§ **WORK REQUEST**: Only the lines in the entries below from the line with "Sum/1 -> PID Controller/1" to the line with "Discrete Transfer Fcn1", both included, belong in the answer, transcribed exactly and without pictures.

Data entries
☆ ☆ ☆ ☆
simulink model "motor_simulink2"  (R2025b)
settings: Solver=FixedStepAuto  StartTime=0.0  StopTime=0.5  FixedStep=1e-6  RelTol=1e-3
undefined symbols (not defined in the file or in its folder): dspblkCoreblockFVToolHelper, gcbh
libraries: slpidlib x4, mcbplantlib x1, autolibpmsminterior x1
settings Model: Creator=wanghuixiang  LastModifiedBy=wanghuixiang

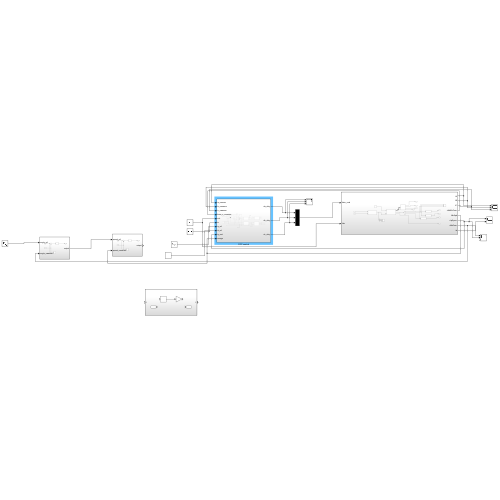
[thumbnail: Simulink's stored preview of the top-level diagram]
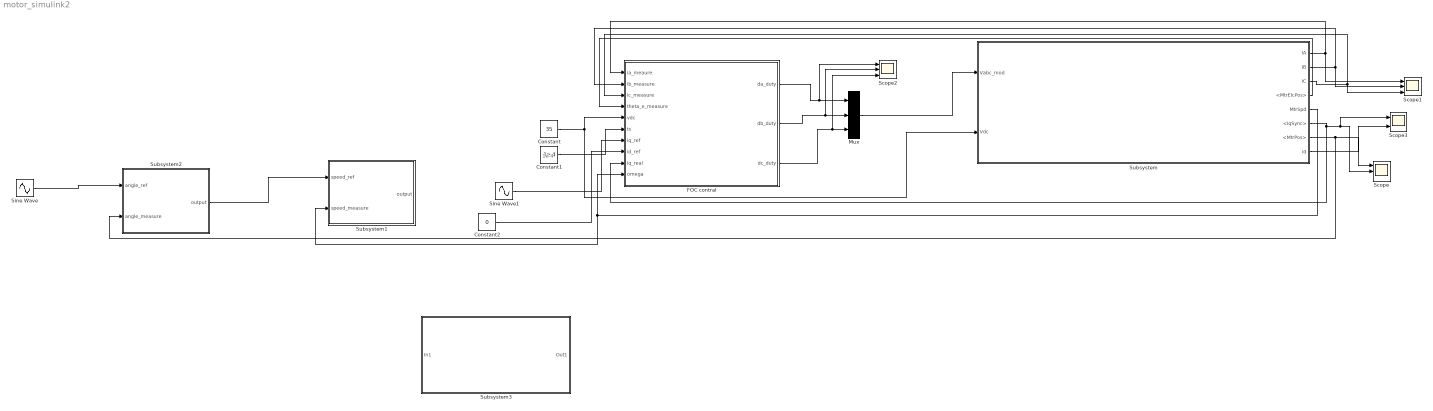
== system motor_simulink2 ==
  note: 1e-4
  Constant : Constant  Value=35
  Constant1 : Constant  Value=1e-4
  Constant2 : Constant  Value=0
  FOC contral : Subsystem
  Mux : Mux  Inputs=3
  Scope : Scope  NumInputPorts=3
      settings: ActiveDisplayYMinimum=-4.2778704038949593  ActiveDisplayYMaximum=5.1731807364811857
  Scope1 : Scope  NumInputPorts=3
      settings: ActiveDisplayYMinimum=-271.31928354066577  ActiveDisplayYMaximum=293.76129527766454
  Scope2 : Scope  NumInputPorts=3
      settings: ActiveDisplayYMinimum=-0.10741833509090637  ActiveDisplayYMaximum=1.0830578553852841  DataLoggingVariableName=ScopeData2
  Scope3 : Scope  NumInputPorts=2
      settings: ActiveDisplayYMinimum=-0.10597587302872147  ActiveDisplayYMaximum=3.0541792317079626  DataLoggingVariableName=ScopeData9
  Sine Wave : Sin  Amplitude=2  Frequency=200  SampleTime=1e-4
  Sine Wave1 : Sin  Amplitude=10  Frequency=300  SampleTime=0
  Subsystem : Subsystem
  Subsystem1 : Subsystem
  Subsystem2 : Subsystem
  Subsystem3 : Subsystem
  wires:
  Constant/1 -> Subsystem/2(Vdc), FOC contral/5(vdc)
  Constant1/1 -> FOC contral/6(ts)
  FOC contral/1(da_duty) -> Mux/1, Scope2/1
  FOC contral/2(db_duty) -> Mux/2, Scope2/2
  FOC contral/3(dc_duty) -> Mux/3, Scope2/3
  Subsystem/1(IA) -> Scope1/1, FOC contral/1(ia_meaure)
  Subsystem/3(IC) -> Scope1/3, FOC contral/3(ic_measure)
  Subsystem/2(IB) -> Scope1/2, FOC contral/2(ib_measure)
  Mux/1 -> Subsystem/1(Vabc_mod)
  Subsystem/6(<IqSync>) -> FOC contral/9(iq_real), Scope3/1, Scope/2
  Subsystem/7(<MtrPos>) -> Subsystem2/2(angle_measure), Scope/1
  Subsystem/8(id) -> Scope3/2
  Subsystem/4(<MtrElcPos>) -> FOC contral/4(theta_e_measure)
  Subsystem/5(MtrSpd) -> FOC contral/10(omega), Subsystem1/2(speed_measure)
  Subsystem2/1(output) -> Subsystem1/1(speed_ref)
  Sine Wave/1 -> Subsystem2/1(angle_ref)
  Constant2/1 -> FOC contral/8(id_ref)
  Sine Wave1/1 -> FOC contral/7(iq_ref)

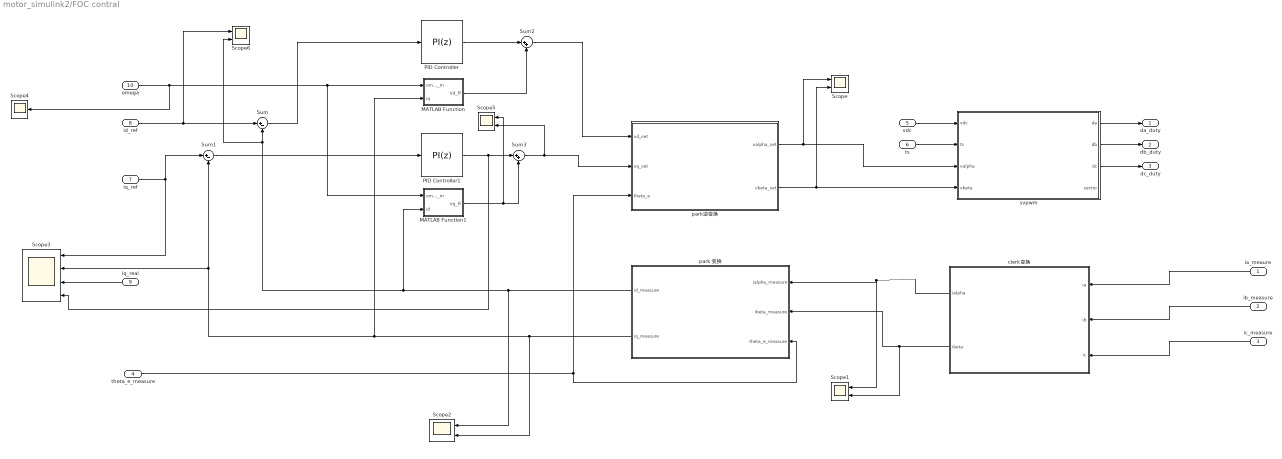
== system motor_simulink2/FOC contral ==
  ia_meaure : Inport
  ib_measure : Inport  Port=2
  ic_measure : Inport  Port=3
  theta_e_measure : Inport  Port=4
  vdc : Inport  Port=5
  ts : Inport  Port=6
  iq_ref : Inport  Port=7
  id_ref : Inport  Port=8
  iq_real : Inport  Port=9
  omega : Inport  Port=10
  MATLAB Function : MATLAB Function  TreatAsAtomicUnit=on
  MATLAB Function1 : MATLAB Function  TreatAsAtomicUnit=on
  PID Controller : slpidlib/PID Controller  Controller=PI  Form=Parallel  TimeDomain=Discrete-time  UseExternalTs=off  SampleTime=1e-4  IntegratorMethod=Forward Euler  FilterMethod=Forward Euler  ControllerParametersSource=internal  P=0.2  I=0  UseKiTs=on  D=0  UseExternalDerivativeSource=off  N=100  UseFilter=on  TunerSelectOption=Transfer Function Based (PID Tuner App)  InitialConditionSource=internal  InitialConditionForIntegrator=0  InitialConditionForFilter=0  DifferentiatorICPrevScaledInput=0  ExternalReset=none  TrackingMode=off  Kt=1  LimitOutput=on  SatLimitsSource=internal  UpperSaturationLimit=19  LowerSaturationLimit=-19  LinearizeAsGain=on  AntiWindupMode=none  Kb=1  LimitIntegrator=on  UpperIntegratorSaturationLimit=19  LowerIntegratorSaturationLimit=-19  POutMin=[]  POutMax=[]  IOutMin=[]  IOutMax=[]  DOutMin=[]  DOutMax=[]  NOutMin=[]  NOutMax=[]  SumOutMin=[]  SumOutMax=[]  SaturationOutMin=[]  SaturationOutMax=[]  PParamMin=[]  PParamMax=[]  IParamMin=[]  IParamMax=[]  DParamMin=[]  DParamMax=[]  NParamMin=[]  NParamMax=[]  KbParamMin=[]  KbParamMax=[]  KtParamMin=[]  KtParamMax=[]  KbOutMin=[]  KbOutMax=[]  KtOutMin=[]  KtOutMax=[]  IntegratorOutMin=[]  IntegratorOutMax=[]  FilterOutMin=[]  FilterOutMax=[]  SumI1OutMin=[]  SumI1OutMax=[]  SumI2OutMin=[]  SumI2OutMax=[]  SumI3OutMin=[]  SumI3OutMax=[]  SumI4OutMin=[]  SumI4OutMax=[]  SumDOutMin=[]  SumDOutMax=[]  DifferentiatorOutMin=[]  DifferentiatorOutMax=[]  FilterDiffOutCoefMin=[]  FilterDiffOutCoefMax=[]  ReciprocalOutMin=[]  ReciprocalOutMax=[]  SumDenOutMin=[]  SumDenOutMax=[]  SumNumOutMin=[]  SumNumOutMax=[]  DivideOutMin=[]  DivideOutMax=[]  UdiffTsProdOutMin=[]  UdiffTsProdOutMax=[]  NTsProdOutMin=[]  NTsProdOutMax=[]  UintegralTsProdOutMin=[]  UintegralTsProdOutMax=[]  UngainTsProdOutMin=[]  UngainTsProdOutMax=[]  ClampingZeroOutDataTypeStr=Inherit: Inherit via back propagation  ClampingZeroOutMin=[]  ClampingZeroOutMax=[]  FilterDenConstantOutDataTypeStr=Inherit: Inherit via back propagation  FilterDenConstantOutMin=[]  FilterDenConstantOutMax=[]  PCopyOutDataTypeStr=Inherit: Inherit via back propagation  PCopyOutMin=[]  PCopyOutMax=[]  NCopyOutDataTypeStr=Inherit: Inherit via back propagation  NCopyOutMin=[]  NCopyOutMax=[]  IntegratorContinuousStateAttributes=''  IntegratorStateMustResolveToSignalObject=off  IntegratorRTWStateStorageClass=Auto  FilterContinuousStateAttributes=''  FilterStateMustResolveToSignalObject=off  FilterRTWStateStorageClass=Auto  ParallelPVariant=InternalParameters  IdealPVariant=Disabled  IVariant=InternalParameters  DVariant=Disabled  IntegratorVariant=Discrete  SatVariant=Enabled  AWVariant=Passthrough  PCopyVariant=Disabled  TRVariant=Disabled  FdbkBlocksVariant=Forward  IdealPFdbkVariant=Disabled  SatFdbkVariant=Disabled  DerivativeFilterVariant=Disabled  NVariant=Disabled  NCopyVariant=Disabled_SignalSpec  FilterICVariant=Disabled  IntegratorICVariant=InternalICs  ExternalResetVariant=Disabled  TRSumVariant=Passthrough  SumFdbkVariant=Disabled  SumVariant=Sum_PI  TsampFilterVariant=InternalTs  TsampNgainVariant=Passthrough  TsampIntegralVariant=Disabled_SignalSpec  ExternalSaturationOutDataTypeStr=Inherit: Same as second input  DerivativeSourceVariant=Disabled  PreIntVariant=InternalPreInt
  PID Controller1 : slpidlib/PID Controller  Controller=PI  Form=Parallel  TimeDomain=Discrete-time  UseExternalTs=off  SampleTime=1e-4  IntegratorMethod=Forward Euler  FilterMethod=Forward Euler  ControllerParametersSource=internal  P=0.2  I=0.002  UseKiTs=on  D=0  UseExternalDerivativeSource=off  N=100  UseFilter=on  TunerSelectOption=Transfer Function Based (PID Tuner App)  InitialConditionSource=internal  InitialConditionForIntegrator=0  InitialConditionForFilter=0  DifferentiatorICPrevScaledInput=0  ExternalReset=none  TrackingMode=off  Kt=1  LimitOutput=on  SatLimitsSource=internal  UpperSaturationLimit=19  LowerSaturationLimit=-19  LinearizeAsGain=on  AntiWindupMode=none  Kb=1  LimitIntegrator=on  UpperIntegratorSaturationLimit=19  LowerIntegratorSaturationLimit=-19  POutMin=[]  POutMax=[]  IOutMin=[]  IOutMax=[]  DOutMin=[]  DOutMax=[]  NOutMin=[]  NOutMax=[]  SumOutMin=[]  SumOutMax=[]  SaturationOutMin=[]  SaturationOutMax=[]  PParamMin=[]  PParamMax=[]  IParamMin=[]  IParamMax=[]  DParamMin=[]  DParamMax=[]  NParamMin=[]  NParamMax=[]  KbParamMin=[]  KbParamMax=[]  KtParamMin=[]  KtParamMax=[]  KbOutMin=[]  KbOutMax=[]  KtOutMin=[]  KtOutMax=[]  IntegratorOutMin=[]  IntegratorOutMax=[]  FilterOutMin=[]  FilterOutMax=[]  SumI1OutMin=[]  SumI1OutMax=[]  SumI2OutMin=[]  SumI2OutMax=[]  SumI3OutMin=[]  SumI3OutMax=[]  SumI4OutMin=[]  SumI4OutMax=[]  SumDOutMin=[]  SumDOutMax=[]  DifferentiatorOutMin=[]  DifferentiatorOutMax=[]  FilterDiffOutCoefMin=[]  FilterDiffOutCoefMax=[]  ReciprocalOutMin=[]  ReciprocalOutMax=[]  SumDenOutMin=[]  SumDenOutMax=[]  SumNumOutMin=[]  SumNumOutMax=[]  DivideOutMin=[]  DivideOutMax=[]  UdiffTsProdOutMin=[]  UdiffTsProdOutMax=[]  NTsProdOutMin=[]  NTsProdOutMax=[]  UintegralTsProdOutMin=[]  UintegralTsProdOutMax=[]  UngainTsProdOutMin=[]  UngainTsProdOutMax=[]  ClampingZeroOutDataTypeStr=Inherit: Inherit via back propagation  ClampingZeroOutMin=[]  ClampingZeroOutMax=[]  FilterDenConstantOutDataTypeStr=Inherit: Inherit via back propagation  FilterDenConstantOutMin=[]  FilterDenConstantOutMax=[]  PCopyOutDataTypeStr=Inherit: Inherit via back propagation  PCopyOutMin=[]  PCopyOutMax=[]  NCopyOutDataTypeStr=Inherit: Inherit via back propagation  NCopyOutMin=[]  NCopyOutMax=[]  IntegratorContinuousStateAttributes=''  IntegratorStateMustResolveToSignalObject=off  IntegratorRTWStateStorageClass=Auto  FilterContinuousStateAttributes=''  FilterStateMustResolveToSignalObject=off  FilterRTWStateStorageClass=Auto  ParallelPVariant=InternalParameters  IdealPVariant=Disabled  IVariant=InternalParameters  DVariant=Disabled  IntegratorVariant=Discrete  SatVariant=Enabled  AWVariant=Passthrough  PCopyVariant=Disabled  TRVariant=Disabled  FdbkBlocksVariant=Forward  IdealPFdbkVariant=Disabled  SatFdbkVariant=Disabled  DerivativeFilterVariant=Disabled  NVariant=Disabled  NCopyVariant=Disabled_SignalSpec  FilterICVariant=Disabled  IntegratorICVariant=InternalICs  ExternalResetVariant=Disabled  TRSumVariant=Passthrough  SumFdbkVariant=Disabled  SumVariant=Sum_PI  TsampFilterVariant=InternalTs  TsampNgainVariant=Passthrough  TsampIntegralVariant=Disabled_SignalSpec  ExternalSaturationOutDataTypeStr=Inherit: Same as second input  DerivativeSourceVariant=Disabled  PreIntVariant=InternalPreInt
  Scope{,1..2,5..6} (5 alike) : Scope  NumInputPorts=2
      Scope settings: ActiveDisplayYMinimum=-5.0548458842177206  ActiveDisplayYMaximum=5.2196458808879767  DataLoggingVariableName=ScopeData3
      Scope1 settings: ActiveDisplayYMinimum=-12.827305709885426  ActiveDisplayYMaximum=13.333371142328733  DataLoggingVariableName=ScopeData4
      Scope2 settings: ActiveDisplayYMinimum=-4.941270004755733  ActiveDisplayYMaximum=8.4835943666230271  DataLoggingVariableName=ScopeData5
      Scope5 settings: ActiveDisplayYMinimum=-15.15417131801717  ActiveDisplayYMaximum=6.09591413502894  DataLoggingVariableName=ScopeData11
      Scope6 settings: ActiveDisplayYMinimum=-0.30479806244928748  ActiveDisplayYMaximum=0.39156695355991433  DataLoggingVariableName=ScopeData13
  Scope3 : Scope  NumInputPorts=4
      settings: ActiveDisplayYMinimum=-8.555590148160233  ActiveDisplayYMaximum=14.026669194501673  DataLoggingVariableName=ScopeData8
  Scope4 : Scope
      settings: ActiveDisplayYMinimum=-748.96819186231789  ActiveDisplayYMaximum=578.08033382458018  DataLoggingVariableName=ScopeData10
  Sum : Sum  Inputs=|+-
  Sum1 : Sum  Inputs=|+-
  Sum2 : Sum  Inputs=|++
  Sum3 : Sum  Inputs=|++
  clerk变换 : MATLAB Function  TreatAsAtomicUnit=on
  park 变换 : MATLAB Function  TreatAsAtomicUnit=on
  park逆变换 : MATLAB Function  TreatAsAtomicUnit=on
  svpwm : MATLAB Function  TreatAsAtomicUnit=on
  da_duty : Outport
  db_duty : Outport  Port=2
  dc_duty : Outport  Port=3
  wires:
  clerk变换/1(ialpha) -> Scope1/1, park 变换/1(ialpha_measure)
  clerk变换/2(ibeta) -> Scope1/2, park 变换/2(ibeta_measure)
  park逆变换/1(valpha_set) -> Scope/1, svpwm/3(valpha)
  park逆变换/2(vbeta_set) -> svpwm/4(vbeta), Scope/2
  theta_e_measure/1 -> park 变换/3(theta_e_measure), park逆变换/3(theta_e)
  svpwm/1(da) -> da_duty/1
  svpwm/2(db) -> db_duty/1
  svpwm/3(dc) -> dc_duty/1
  vdc/1 -> svpwm/1(vdc)
  ts/1 -> svpwm/2(ts)
  park 变换/1(id_measure) -> Scope2/1, MATLAB Function1/2(id), Scope6/2, Sum/2
  id_ref/1 -> Scope6/1, Sum/1
  Sum/1 -> PID Controller/1
  iq_ref/1 -> Scope3/1, Sum1/1
  Sum1/1 -> PID Controller1/1
  park 变换/2(iq_measure) -> Scope2/2, MATLAB Function/2(iq), Sum1/2, Scope3/2
  ia_meaure/1 -> clerk变换/1(ia)
  ib_measure/1 -> clerk变换/2(ib)
  ic_measure/1 -> clerk变换/3(ic)
  iq_real/1 -> Scope3/3
  PID Controller/1 -> Sum2/1
  MATLAB Function/1(Vd_ff) -> Sum2/2
  Sum2/1 -> park逆变换/1(vd_set)
  PID Controller1/1 -> Scope3/4, Sum3/1
  MATLAB Function1/1(Vq_ff) -> Scope5/1, Sum3/2
  Sum3/1 -> Scope5/2, park逆变换/2(vq_set)
  omega/1 -> Scope4/1, MATLAB Function/1(omega_m), MATLAB Function1/1(omega_m)

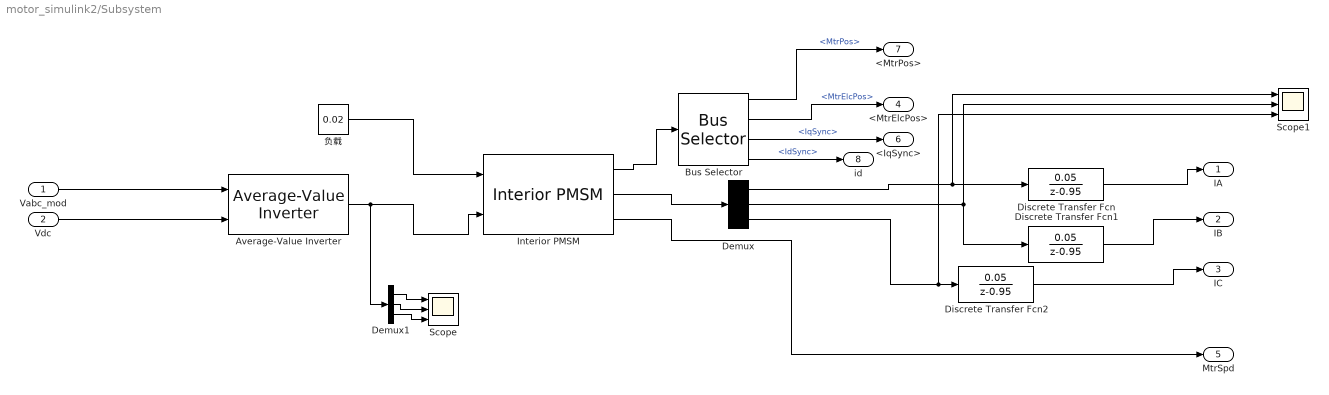
== system motor_simulink2/Subsystem ==
  Vabc_mod : Inport
  Vdc : Inport  Port=2
  Average-Value Inverter : mcbplantlib/Average-Value Inverter
      settings: LibrarySourceBlock=mcblib/Electrical Systems/Inverters/Average-Value Inverter
  Bus Selector : BusSelector  OutputSignals=MtrPos,MtrElcPos,IqSync,IdSync
  Demux : Demux  Outputs=3
  Demux1 : Demux  Outputs=3
  Discrete Transfer Fcn : DiscreteTransferFcn  LoadFcn=dspblkCoreblockFVToolHelper(gcbh,'load');  Numerator=[0.05]  Denominator=[1 -0.95]
      settings: CopyFcn=dspblkCoreblockFVToolHelper(gcbh,'copy');  DeleteFcn=dspblkCoreblockFVToolHelper(gcbh,'close');  ModelCloseFcn=dspblkCoreblockFVToolHelper(gcbh,'close');  PreSaveFcn=dspblkCoreblockFVToolHelper(gcbh,'presave');  PostSaveFcn=dspblkCoreblockFVToolHelper(gcbh,'postsave');  CloseFcn=dspblkCoreblockFVToolHelper(gcbh,'close');
  Discrete Transfer Fcn1 : DiscreteTransferFcn  LoadFcn=dspblkCoreblockFVToolHelper(gcbh,'load');  Numerator=[0.05]  Denominator=[1 -0.95]
      settings: CopyFcn=dspblkCoreblockFVToolHelper(gcbh,'copy');  DeleteFcn=dspblkCoreblockFVToolHelper(gcbh,'close');  ModelCloseFcn=dspblkCoreblockFVToolHelper(gcbh,'close');  PreSaveFcn=dspblkCoreblockFVToolHelper(gcbh,'presave');  PostSaveFcn=dspblkCoreblockFVToolHelper(gcbh,'postsave');  CloseFcn=dspblkCoreblockFVToolHelper(gcbh,'close');
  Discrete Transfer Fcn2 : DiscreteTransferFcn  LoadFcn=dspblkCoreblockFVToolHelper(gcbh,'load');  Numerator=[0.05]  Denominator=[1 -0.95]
☆ ☆ ☆ ☆
§ **OUTPUT FOR THIS EXERCISE**:
  Sum/1 -> PID Controller/1
  iq_ref/1 -> Scope3/1, Sum1/1
  Sum1/1 -> PID Controller1/1
  park 变换/2(iq_measure) -> Scope2/2, MATLAB Function/2(iq), Sum1/2, Scope3/2
  ia_meaure/1 -> clerk变换/1(ia)
  ib_measure/1 -> clerk变换/2(ib)
  ic_measure/1 -> clerk变换/3(ic)
  iq_real/1 -> Scope3/3
  PID Controller/1 -> Sum2/1
  MATLAB Function/1(Vd_ff) -> Sum2/2
  Sum2/1 -> park逆变换/1(vd_set)
  PID Controller1/1 -> Scope3/4, Sum3/1
  MATLAB Function1/1(Vq_ff) -> Scope5/1, Sum3/2
  Sum3/1 -> Scope5/2, park逆变换/2(vq_set)
  omega/1 -> Scope4/1, MATLAB Function/1(omega_m), MATLAB Function1/1(omega_m)

== system motor_simulink2/Subsystem ==
  Vabc_mod : Inport
  Vdc : Inport  Port=2
  Average-Value Inverter : mcbplantlib/Average-Value Inverter
      settings: LibrarySourceBlock=mcblib/Electrical Systems/Inverters/Average-Value Inverter
  Bus Selector : BusSelector  OutputSignals=MtrPos,MtrElcPos,IqSync,IdSync
  Demux : Demux  Outputs=3
  Demux1 : Demux  Outputs=3
  Discrete Transfer Fcn : DiscreteTransferFcn  LoadFcn=dspblkCoreblockFVToolHelper(gcbh,'load');  Numerator=[0.05]  Denominator=[1 -0.95]
      settings: CopyFcn=dspblkCoreblockFVToolHelper(gcbh,'copy');  DeleteFcn=dspblkCoreblockFVToolHelper(gcbh,'close');  ModelCloseFcn=dspblkCoreblockFVToolHelper(gcbh,'close');  PreSaveFcn=dspblkCoreblockFVToolHelper(gcbh,'presave');  PostSaveFcn=dspblkCoreblockFVToolHelper(gcbh,'postsave');  CloseFcn=dspblkCoreblockFVToolHelper(gcbh,'close');
  Discrete Transfer Fcn1 : DiscreteTransferFcn  LoadFcn=dspblkCoreblockFVToolHelper(gcbh,'load');  Numerator=[0.05]  Denominator=[1 -0.95]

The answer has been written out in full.